My plans for yesterday's sunset on Cliff Top foiled by the rain. I seize the good weather and view we have and call Angie over to a small 2x2 foot precipice to ask for her hand. Sorry, no knee, there just wasn't room. After a short recovery she asks what I would do if she said no, push her? We hang out on the Jumpoff for another half hour before pushing to the Icewater Springs Shelter for the night.

Icewater Springs is packed. A couple Appalachian Trail thru-hikers, a couple AT section hikers, and a few other parties. We bask in the sun for a while recuperating. A deer wanders through the crowded shelter site uncaring about us humans. We decide to try to hike down to Sweat Heifer Falls for dinner. We turn back before the falls, hike back to the ridge and have dinner before nightfall. That is one steep trail.

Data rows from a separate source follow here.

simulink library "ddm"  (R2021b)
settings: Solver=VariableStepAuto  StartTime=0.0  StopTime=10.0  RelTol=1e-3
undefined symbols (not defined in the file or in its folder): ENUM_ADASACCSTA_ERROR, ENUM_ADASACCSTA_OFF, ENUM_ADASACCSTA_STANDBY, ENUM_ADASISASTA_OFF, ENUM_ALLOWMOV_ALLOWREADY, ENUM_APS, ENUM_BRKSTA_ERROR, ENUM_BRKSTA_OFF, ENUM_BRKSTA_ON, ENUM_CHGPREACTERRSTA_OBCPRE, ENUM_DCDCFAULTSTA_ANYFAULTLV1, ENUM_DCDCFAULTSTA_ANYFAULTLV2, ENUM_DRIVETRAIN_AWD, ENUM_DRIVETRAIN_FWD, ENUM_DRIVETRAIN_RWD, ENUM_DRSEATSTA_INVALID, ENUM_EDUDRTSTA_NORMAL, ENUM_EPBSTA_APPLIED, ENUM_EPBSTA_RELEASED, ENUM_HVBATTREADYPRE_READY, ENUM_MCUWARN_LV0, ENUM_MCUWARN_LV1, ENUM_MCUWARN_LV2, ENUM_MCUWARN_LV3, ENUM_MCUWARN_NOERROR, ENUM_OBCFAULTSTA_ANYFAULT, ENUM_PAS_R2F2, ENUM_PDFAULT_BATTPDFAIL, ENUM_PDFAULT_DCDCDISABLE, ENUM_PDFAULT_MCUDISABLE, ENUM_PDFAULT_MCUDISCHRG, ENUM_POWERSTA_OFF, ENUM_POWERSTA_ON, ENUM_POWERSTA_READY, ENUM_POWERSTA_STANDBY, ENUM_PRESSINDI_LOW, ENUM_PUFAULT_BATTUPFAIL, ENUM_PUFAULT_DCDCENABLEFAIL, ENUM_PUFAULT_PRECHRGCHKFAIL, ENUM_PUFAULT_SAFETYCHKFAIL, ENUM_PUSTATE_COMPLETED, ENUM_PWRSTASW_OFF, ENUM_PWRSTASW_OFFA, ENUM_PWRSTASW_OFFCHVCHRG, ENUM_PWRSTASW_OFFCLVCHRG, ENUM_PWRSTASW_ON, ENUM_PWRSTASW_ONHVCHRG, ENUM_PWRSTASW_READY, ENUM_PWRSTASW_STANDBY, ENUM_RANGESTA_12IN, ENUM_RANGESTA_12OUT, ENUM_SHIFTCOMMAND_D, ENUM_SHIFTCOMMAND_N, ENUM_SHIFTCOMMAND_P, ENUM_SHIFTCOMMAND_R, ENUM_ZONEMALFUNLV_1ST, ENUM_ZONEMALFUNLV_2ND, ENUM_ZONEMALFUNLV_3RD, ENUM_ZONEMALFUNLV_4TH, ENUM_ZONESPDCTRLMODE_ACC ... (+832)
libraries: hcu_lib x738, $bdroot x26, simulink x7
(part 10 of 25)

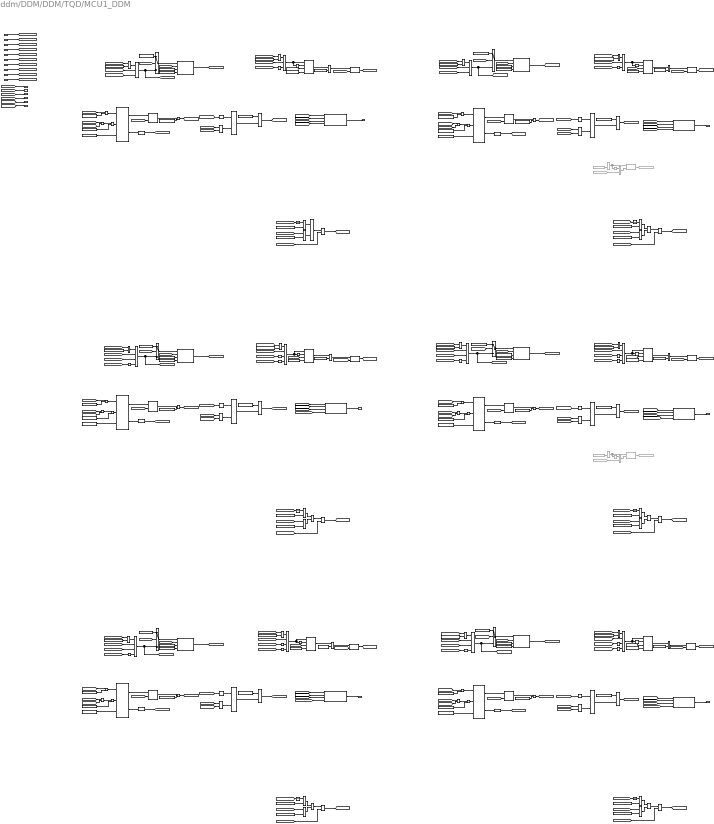
== system ddm/DDM/DDM/TQD/MCU1_DDM ==
  note: MCU_F1 Lost Comm (MCUF1NoCom)
  note: MCU_R1 Lost Comm (MCUR1NoCom)
  note: MCU_R1 Rolling Count Error (MCUR1RCErr)
  note: MCU_F1 Rolling Count Error (MCUF1RCErr)
  note: MCU_R1 Checksum Error (MCUR1CSErr)
  note: MCU_F1 Checksum Error (MCUF1CSErr)
  task_time_s : Inport
  VPMM_SysPwrSta_enum : Inport  Port=2
  No_CAN3_BUS_OFF : Inport  Port=3
  VDDM_MCUF1NoCom_flg : Inport  Port=4
  VDDM_MCUR1NoCom_flg : Inport  Port=5
  VDDM_MCUF1RCErr_flg : Inport  Port=6
  VDDM_MCUF1CSErr_flg : Inport  Port=7
  VDDM_MCUR1RCErr_flg : Inport  Port=8
  VDDM_MCUR1CSErr_flg : Inport  Port=9
  DTC_clear_request : Inport  Port=10
  Constant{1..2,9,24,35,46,53..54,62,66,79,86} (12 alike) : Constant  Value=ENUM_PWRSTASW_OFF
  Constant{3,10,25,40,55,75} (6 alike) : Constant  Value=ENUM_POWERSTA_OFF
  Constant{4,11,26,42,56,76} (6 alike) : Constant  Value=ENUM_POWERSTA_STANDBY
  Constant12 : Constant  Value=KDDM_MCUF1NoComDetSW_flg
  Constant13 : Constant  Value=KDDM_MCUF1NoComPassSW_flg
  Constant14 : Constant  Value=KDDM_MCUF1NoComDTC_cnt
  Constant15 : Constant  Value=KDDM_MCUF1NoComDFSSW_flg
  Constant16 : Constant  Value=KDDM_MCUR1NoComDTC_cnt
  Constant17 : Constant  Value=KDDM_MCUR1NoComPassTO_s
  Constant18 : Constant  Value=KDDM_MCUR1NoComPassTO_s
  Constant19 : Constant  Value=KDDM_MCUR1NoComDetTO_s
  Constant20 : Constant  Value=KDDM_MCUF1NoComCFSSW_flg
  Constant21 : Constant  Value=KDDM_MCUR1NoComCFSSW_flg
  Constant{22..23,38..39,73..74} (6 alike) : Constant  Value=FALSE
  Constant27 : Constant  Value=KDDM_MCUF1RCErrDetSW_flg
  Constant28 : Constant  Value=KDDM_MCUF1RCErrPassSW_flg
  Constant29 : Constant  Value=KDDM_MCUF1RCErrDTC_cnt
  Constant30 : Constant  Value=KDDM_MCUF1RCErrDFSSW_flg
  Constant31 : Constant  Value=KDDM_MCUR1RCErrDTC_cnt
  Constant32 : Constant  Value=KDDM_MCUR1RCErrPassTO_s
  Constant33 : Constant  Value=KDDM_MCUR1RCErrPassTO_s
  Constant34 : Constant  Value=KDDM_MCUR1RCErrDetTO_s
  Constant36 : Constant  Value=KDDM_MCUF1RCErrCFSSW_flg
  Constant37 : Constant  Value=KDDM_MCUR1RCErrCFSSW_flg
  Constant41 : Constant  Commented=on  Value=KDDM_MCUR1RCErrPassTO_s
  Constant43 : Constant  Commented=on  Value=KDDM_MCUR1RCErrPassTO_s
  Constant44 : Constant  Value=KDDM_MCUR1RCErrDetSW_flg
  Constant45 : Constant  Value=KDDM_MCUR1RCErrPassSW_flg
  Constant47 : Constant  Value=KDDM_MCUF1RCErrDTC_cnt
  Constant48 : Constant  Value=KDDM_MCUF1RCErrPassTO_s
  Constant49 : Constant  Value=KDDM_MCUR1RCErrDTC_cnt
  Constant5 : Constant  Value=KDDM_MCUR1NoComDetSW_flg
  Constant50 : Constant  Value=KDDM_MCUF1RCErrPassTO_s
  Constant51 : Constant  Value=KDDM_MCUF1RCErrDetTO_s
  Constant52 : Constant  Value=KDDM_MCUR1RCErrDFSSW_flg
  Constant57 : Constant  Value=KDDM_MCUF1CSErrDetSW_flg
  Constant58 : Constant  Value=KDDM_MCUF1CSErrPassSW_flg
  Constant59 : Constant  Value=KDDM_MCUF1CSErrDTC_cnt
  Constant6 : Constant  Value=KDDM_MCUR1NoComPassSW_flg
  Constant60 : Constant  Value=KDDM_MCUF1CSErrDFSSW_flg
  Constant61 : Constant  Value=KDDM_MCUR1CSErrDTC_cnt
  Constant63 : Constant  Value=KDDM_MCUR1CSErrPassTO_s
  Constant64 : Constant  Value=KDDM_MCUR1CSErrPassTO_s
  Constant65 : Constant  Value=KDDM_MCUR1CSErrDetTO_s
  Constant67 : Constant  Value=KDDM_MCUF1CSErrCFSSW_flg
  Constant68 : Constant  Value=KDDM_MCUF1NoComDTC_cnt
  Constant69 : Constant  Value=KDDM_MCUF1NoComPassTO_s
  Constant7 : Constant  Value=KDDM_MCUR1NoComDTC_cnt
  Constant70 : Constant  Value=KDDM_MCUF1NoComPassTO_s
  Constant71 : Constant  Value=KDDM_MCUF1NoComDetTO_s
  Constant72 : Constant  Value=KDDM_MCUR1CSErrCFSSW_flg
  Constant77 : Constant  Value=KDDM_MCUR1CSErrDetSW_flg
  Constant78 : Constant  Value=KDDM_MCUR1CSErrPassSW_flg
  Constant8 : Constant  Value=KDDM_MCUR1NoComDFSSW_flg
  Constant80 : Constant  Value=KDDM_MCUF1CSErrDTC_cnt
  Constant81 : Constant  Value=KDDM_MCUF1CSErrPassTO_s
  Constant82 : Constant  Value=KDDM_MCUR1CSErrDTC_cnt
  Constant83 : Constant  Value=KDDM_MCUF1CSErrPassTO_s
  Constant84 : Constant  Value=KDDM_MCUF1CSErrDetTO_s
  Constant85 : Constant  Value=KDDM_MCUR1CSErrDFSSW_flg
  DTC_Couter{1..6} (6 alike) : hcu_lib/Basic_Blocks/DTC_Couter
  DTC_Info{,1..5} (6 alike) : hcu_lib/Basic_Blocks/DTC_Info
  Data Type Conversion{1..6} (6 alike) : DataTypeConversion  OutDataTypeStr=uint8
  Equal{1..2,5,9..11,16,20..22,24,29} (12 alike) : RelationalOperator  Operator=~=  OutDataTypeStr=boolean  RndMeth=Simplest
  Equal12 : RelationalOperator  Commented=on  OutDataTypeStr=boolean  RndMeth=Simplest
  Equal{6,13,17,25,28,30} (6 alike) : RelationalOperator  OutDataTypeStr=boolean  RndMeth=Simplest
  Equal{3..4,7..8,14..15,18..19,26..27,31..32} (12 alike) : RelationalOperator  Operator===  OutDataTypeStr=boolean  RndMeth=Simplest
  Equal23 : RelationalOperator  Commented=on  OutDataTypeStr=boolean  RndMeth=Simplest
  From76 : From  Commented=on  GotoTag=VDDM_MCUR1RCErrRst_flg
  From94 : From  Commented=on  GotoTag=VDDM_MCUR1RCErrRst_flg
  Goto13 : Goto  Commented=on  GotoTag=VDDM_MCUR1RCErrPass_flg
  Goto14 : Goto  Commented=on  GotoTag=VDDM_MCUR1RCErrPass_flg
  Logical Operator{,1,4..7,10,16,18,25,27,36,38..42,49..50,55..57,60,63,69,71..75} (30 alike) : Logic  AllPortsSameDT=off  OutDataTypeStr=boolean
  Logical Operator{2,11,14,30} (4 alike) : Logic  Inputs=3  AllPortsSameDT=off  OutDataTypeStr=boolean
  Logical Operator{9,12,15,21,24,32,34,45..46,48,53,59,66,68,76..78,80} (18 alike) : Logic  Operator=OR  AllPortsSameDT=off  OutDataTypeStr=boolean
  Logical Operator{3,13,17,20,22,26,29,37,43,54,61,65,70,81..87} (20 alike) : Logic  Operator=NOT  AllPortsSameDT=off  OutDataTypeStr=boolean
  Logical Operator{19,23,28,31,51,58,64,67} (8 alike) : Logic  Inputs=4  AllPortsSameDT=off  OutDataTypeStr=boolean
  Logical Operator33 : Logic  Commented=on  Operator=NOT  AllPortsSameDT=off  OutDataTypeStr=boolean
  Logical Operator35 : Logic  Commented=on  Operator=NOT  AllPortsSameDT=off  OutDataTypeStr=boolean
  Logical Operator44 : Logic  Commented=on  Operator=OR  AllPortsSameDT=off  OutDataTypeStr=boolean
  Logical Operator62 : Logic  Commented=on  Operator=OR  AllPortsSameDT=off  OutDataTypeStr=boolean
  Relay{1..6} (6 alike) : Relay  OnSwitchValue=ONE_INT  OffSwitchValue=ZERO_INT
  SR_Latch{,1..4,6..9,11..19} (18 alike) : hcu_lib/Basic_Blocks/SR_Latch
  SR_Latch10 : hcu_lib/Basic_Blocks/SR_Latch  Commented=on
  SR_Latch5 : hcu_lib/Basic_Blocks/SR_Latch  Commented=on
  Switch{1..6} (6 alike) : Switch  Criteria=u2 ~= 0
  Test Detection Criteria{1..6} (6 alike) : hcu_lib/Basic_Blocks/Test Detection Criteria
  Timer{1..6} (6 alike) : hcu_lib/Basic_Blocks/Timer
  Unit Delay{,1..5} (6 alike) : UnitDelay  SampleTime=-1  HasFrameUpgradeWarning=on
  VDDM_MCUF1NoComDTC_raw32 : Outport
  VDDM_MCUR1NoComDTC_raw32 : Outport  Port=2
  VDDM_MCUF1RCErrDTC_raw32 : Outport  Port=3
  VDDM_MCUR1RCErrDTC_raw32 : Outport  Port=4
  VDDM_MCUF1CSErrDTC_raw32 : Outport  Port=5
  VDDM_MCUR1CSErrDTC_raw32 : Outport  Port=6
  VDDM_MCUF1NoComCFS_flg : Outport  Port=7
  VDDM_MCUF1RCErrCFS_flg : Outport  Port=8
  VDDM_MCUF1CSErrCFS_flg : Outport  Port=9
  VDDM_MCUR1NoComCFS_flg : Outport  Port=10
  VDDM_MCUR1RCErrCFS_flg : Outport  Port=11
  VDDM_MCUR1CSErrCFS_flg : Outport  Port=12
  wires:
  Constant12/1 -> Logical Operator5/2
  Equal3/1 -> Logical Operator4/1
  [VDDM_MCUF1NoCom_flg] -> Logical Operator30/3
  Constant10/1 -> Equal3/2
  Constant11/1 -> Equal4/2
  [DTC_clear_request] -> Logical Operator12/2
  Logical Operator12/1 -> [VDDM_MCUF1NoComCFSRls_flg]
  Equal21/1 -> Logical Operator30/1
  [VDDM_MCUF1NoComCFSRls_flg] -> SR_Latch/2
  Logical Operator5/1 -> DTC_Couter1/1
  Unit Delay/1 -> Equal3/1
  [No_CAN3_BUS_OFF] -> Logical Operator30/2
  Equal4/1 -> Logical Operator4/2
  [VPMM_SysPwrSta_enum] -> Unit Delay/1
  Timer1/1 -> Equal28/1
  DTC_Couter1/1 -> SR_Latch/1
  [VPMM_SysPwrSta_enum] -> Equal4/1
  [VDDM_MCUF1NoComDet_flg] -> Logical Operator5/1
  [VPMM_SysPwrSta_enum] -> Equal21/1
  Constant70/1 -> Timer1/4
  [task_time_s] -> Timer1/3
  Constant13/1 -> Logical Operator6/2
  Test Detection Criteria1/1 -> [VDDM_MCUF1NoComDet_flg]  "VDDM_MCUF1NoComDet_flg"
  Constant62/1 -> Equal21/2
  Logical Operator6/1 -> DTC_Couter1/2
  Logical Operator43/1 -> Timer1/2
  Constant69/1 -> Equal28/2
  Logical Operator4/1 -> Logical Operator12/1
  Logical Operator2/1 -> Logical Operator43/1, Timer1/1
  Equal1/1 -> Logical Operator2/1
  [VPMM_SysPwrSta_enum] -> Equal1/1
  [No_CAN3_BUS_OFF] -> Logical Operator2/2
  Constant1/1 -> Equal1/2
  [VDDM_MCUF1NoCom_flg] -> Logical Operator3/1
  Logical Operator3/1 -> Logical Operator2/3
  SR_Latch12/1 -> [VDDM_MCUF1NoComPass_flg]
  Logical Operator35/1 -> Logical Operator62/1
  Equal23/1 -> SR_Latch5/1, Logical Operator35/1
  From94/1 -> Logical Operator62/2
  Logical Operator62/1 -> SR_Latch5/2
  SR_Latch5/1 -> Goto14/1
  Constant41/1 -> Equal23/2
  [task_time_s] -> Test Detection Criteria1/2
  Constant68/1 -> Test Detection Criteria1/3
  Constant71/1 -> Test Detection Criteria1/4
  Equal28/1 -> SR_Latch12/1
  Constant14/1 -> DTC_Couter1/3
  [VDDM_MCUF1NoComPass_flg] -> Logical Operator34/1
  Logical Operator34/1 -> Logical Operator6/1
  [VDDM_MCUF1NoComCFSRls_flg] -> Logical Operator34/2
  Data Type Conversion2/1 -> [VDDM_MCUF1NoComDTC_cnt]  "VDDM_MCUF1NoComDTC_cnt"
  DTC_Couter1/2 -> Data Type Conversion2/1
  Constant15/1 -> Logical Operator55/1
  Logical Operator77/1 -> SR_Latch6/2
  Relay1/1 -> SR_Latch6/1
  Logical Operator55/1 -> [VDDM_MCUF1NoComDFS_flg]
  SR_Latch6/1 -> Logical Operator55/2
  [VDDM_MCUF1NoComDTC_cnt] -> Relay1/1
  [VDDM_MCUF1NoComDFSRls_flg] -> Logical Operator77/1
  [VDDM_MCUF1NoComCFS_flg] -> Logical Operator77/2
  Logical Operator66/1 -> SR_Latch13/2
  [VPMM_SysPwrSta_enum] -> Equal5/1
  [DTC_clear_request] -> Logical Operator9/2
  SR_Latch13/1 -> Logical Operator56/2
  Logical Operator17/1 -> Timer2/2
  [No_CAN3_BUS_OFF] -> Logical Operator11/2
  [VDDM_MCUR1NoComCFSRls_flg] -> SR_Latch1/2
  [VPMM_SysPwrSta_enum] -> Equal2/1
  Logical Operator16/1 -> Logical Operator9/1
  Equal5/1 -> Logical Operator14/1
  Relay2/1 -> SR_Latch13/1
  Constant19/1 -> Test Detection Criteria2/4
  Logical Operator57/1 -> DTC_Couter2/2
  Logical Operator11/1 -> Logical Operator17/1, Timer2/1
  Equal2/1 -> Logical Operator11/1
  [VDDM_MCUR1NoCom_flg] -> Logical Operator13/1
  Timer2/1 -> Equal6/1
  Equal7/1 -> Logical Operator16/1
  SR_Latch2/1 -> [VDDM_MCUR1NoComPass_flg]
  DTC_Couter2/2 -> Data Type Conversion1/1
  Constant3/1 -> Equal7/2
  [VDDM_MCUR1NoComDet_flg] -> Logical Operator18/1
  Constant5/1 -> Logical Operator18/2
  Test Detection Criteria2/1 -> [VDDM_MCUR1NoComDet_flg]  "VDDM_MCUR1NoComDet_flg"
  Logical Operator18/1 -> DTC_Couter2/1
  [VDDM_MCUR1NoComCFSRls_flg] -> Logical Operator15/2
  [VDDM_MCUR1NoComDFSRls_flg] -> Logical Operator66/1
  [VDDM_MCUR1NoComPass_flg] -> Logical Operator15/1
  [VDDM_MCUR1NoComDTC_cnt] -> Relay2/1
  Constant16/1 -> Test Detection Criteria2/3
  [VDDM_MCUR1NoComCFS_flg] -> Logical Operator66/2
  [VPMM_SysPwrSta_enum] -> Equal8/1
  Equal6/1 -> SR_Latch2/1
  [VDDM_MCUR1NoCom_flg] -> Logical Operator14/3
  Equal8/1 -> Logical Operator16/2
  Unit Delay1/1 -> Equal7/1
  Logical Operator15/1 -> Logical Operator57/1
  Constant2/1 -> Equal2/2
  Constant8/1 -> Logical Operator56/1
  Data Type Conversion1/1 -> [VDDM_MCUR1NoComDTC_cnt]  "VDDM_MCUR1NoComDTC_cnt"
  Logical Operator56/1 -> [VDDM_MCUR1NoComDFS_flg]
  Constant7/1 -> DTC_Couter2/3
  Constant4/1 -> Equal8/2
  Constant6/1 -> Logical Operator57/2
  Logical Operator9/1 -> [VDDM_MCUR1NoComCFSRls_flg]
  Constant18/1 -> Timer2/4
  Constant9/1 -> Equal5/2
  DTC_Couter2/1 -> SR_Latch1/1
  [No_CAN3_BUS_OFF] -> Logical Operator14/2
  [VPMM_SysPwrSta_enum] -> Unit Delay1/1
  Logical Operator13/1 -> Logical Operator11/3
  [task_time_s] -> Test Detection Criteria2/2
  Constant17/1 -> Equal6/2
  [task_time_s] -> Timer2/3
  [VDDM_MCUF1NoComCFS_flg] -> DTC_Info/3
  [VDDM_MCUF1NoComPass_flg] -> DTC_Info/2
  [VDDM_MCUF1NoComDet_flg] -> DTC_Info/1
  DTC_Info/1 -> VDDM_MCUF1NoComDTC_raw32/1  "VDDM_MCUF1NoComDTC_raw32"
  [VDDM_MCUR1NoComDet_flg] -> DTC_Info1/1
  DTC_Info1/1 -> VDDM_MCUR1NoComDTC_raw32/1  "VDDM_MCUR1NoComDTC_raw32"
  [VDDM_MCUR1NoComCFS_flg] -> DTC_Info1/3
  [VDDM_MCUR1NoComPass_flg] -> DTC_Info1/2
  task_time_s/1 -> [task_time_s]
  VPMM_SysPwrSta_enum/1 -> [VPMM_SysPwrSta_enum]
  No_CAN3_BUS_OFF/1 -> [No_CAN3_BUS_OFF]
  VDDM_MCUF1NoCom_flg/1 -> [VDDM_MCUF1NoCom_flg]
  DTC_clear_request/1 -> [DTC_clear_request]
  VDDM_MCUR1NoCom_flg/1 -> [VDDM_MCUR1NoCom_flg]
  SR_Latch/1 -> Logical Operator/1
  Logical Operator/1 -> [VDDM_MCUF1NoComCFS_flg]
  Constant20/1 -> Logical Operator/2
  Constant21/1 -> Logical Operator1/2
  SR_Latch1/1 -> Logical Operator1/1
  Logical Operator1/1 -> [VDDM_MCUR1NoComCFS_flg]
  [DTC_clear_request] -> DTC_Info/4
  [DTC_clear_request] -> DTC_Info1/4
  [DTC_clear_request] -> Switch6/2
  Switch6/1 -> Test Detection Criteria1/1
  Constant22/1 -> Switch6/1
  Logical Operator30/1 -> [VDDM_MCUF1NoComRst_flg], Switch6/3
  [DTC_clear_request] -> Switch1/2
  Switch1/1 -> Test Detection Criteria2/1
  Constant23/1 -> Switch1/1
  Equal14/1 -> Logical Operator36/1
  Unit Delay2/1 -> Equal14/1
  [VPMM_SysPwrSta_enum] -> Unit Delay2/1
  [VPMM_SysPwrSta_enum] -> Equal11/1
  Logical Operator42/1 -> DTC_Couter3/2
  Constant26/1 -> Equal15/2
  Equal13/1 -> SR_Latch7/1
  [VDDM_MCUR1RCErrCFSRls_flg] -> SR_Latch4/2
  [No_CAN3_BUS_OFF] -> Logical Operator31/2
  [VDDM_MCUF1RCErrCFSRls_flg] -> SR_Latch3/2
  Logical Operator37/1 -> Timer3/2
  [VDDM_MCUF1RCErrCFS_flg] -> Logical Operator46/2
  [DTC_clear_request] -> Logical Operator21/2
  [VPMM_SysPwrSta_enum] -> Equal15/1
  [VPMM_SysPwrSta_enum] -> Equal16/1
  Constant43/1 -> Equal12/2
  Timer3/1 -> Equal13/1
  Constant48/1 -> Equal13/2
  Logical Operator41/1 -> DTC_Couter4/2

Icewater is packed to the gills. The thru-hikers have moved on but there are still 16 in the shelter. The sunrise from our sleeping bags though is well worth the sardine conditions. After sunrise we quickly bail out of the shelter to make it to Charlies Bunion for breakfast.


Charlies Bunion is a rock outcropping offering views from Mt Guyot to the east and back to the Jumpoff and Mt. Kepart to the west. It is one of the 2 best dining rooms I've ever eaten at in my life.

Monday, June 13, 2011

Great Smoky Mountains National Park 2


The Alum Cave trail begins as a gradual ascent following the creek and winding through Arch Rock, an eroded hole through a small bluff that you hike through. The trail switches to following Styx Branch and begins putting on the elevation as we need to gain 2700 feet in the next four miles.


It is a very warm day as we reach Alum Cave for lunch. Alum Cave is a concave bluff just under half way to the top. Approximately 80 feet tall and 500 wide with a severely steep sandy floor. The break is well deserved and needed. We lunch at the cusp of the cave floor where some earlier hikers left a scattering of snacks that the none-too-shy red squirrels venture to gather.


Around the Gracie's Pulpit lookout we stop and watch a nesting pair of peregrine falcons chase off a third. The trail winds its way around a NW face and at times is only a foot or 2 wide with a cable handrail on the inner side to give a small amount of security. "Ok Isaac, hold tight" is an often repeated phrase. And I believe it is somewhere in this calf burning steepness that Isaac and Angie dub themselves "Team Slow." This is also where I realize that a change to my flatlander hiking style is necessary. Powering through the climbs is only destroying my calves, and my stamina.


Just as everyone is getting to the end of our proverbial ropes the top comes into sight and we make that last pushes to get to the top. Our shuttle driver said the second to the last mile will make you question your sanity, and she was not lying. We top out directly into a cloud on a flat wide boulevard just as rain begins to fall. A quick jaunt past the Le Conte lodge (which looks to be an interesting trip unto itself, small cabins and catering) to the shelter and we all can finally relax for the evening. Five miles and a final elevation 6593 feet in about 4 hours of hiking time, nice job kids.



While one of the busiest trails, especially with the lodge crowd heading up and all the day-hikers. Alum Cave is a gorgeous first day in the park. We started this trip off with a bang.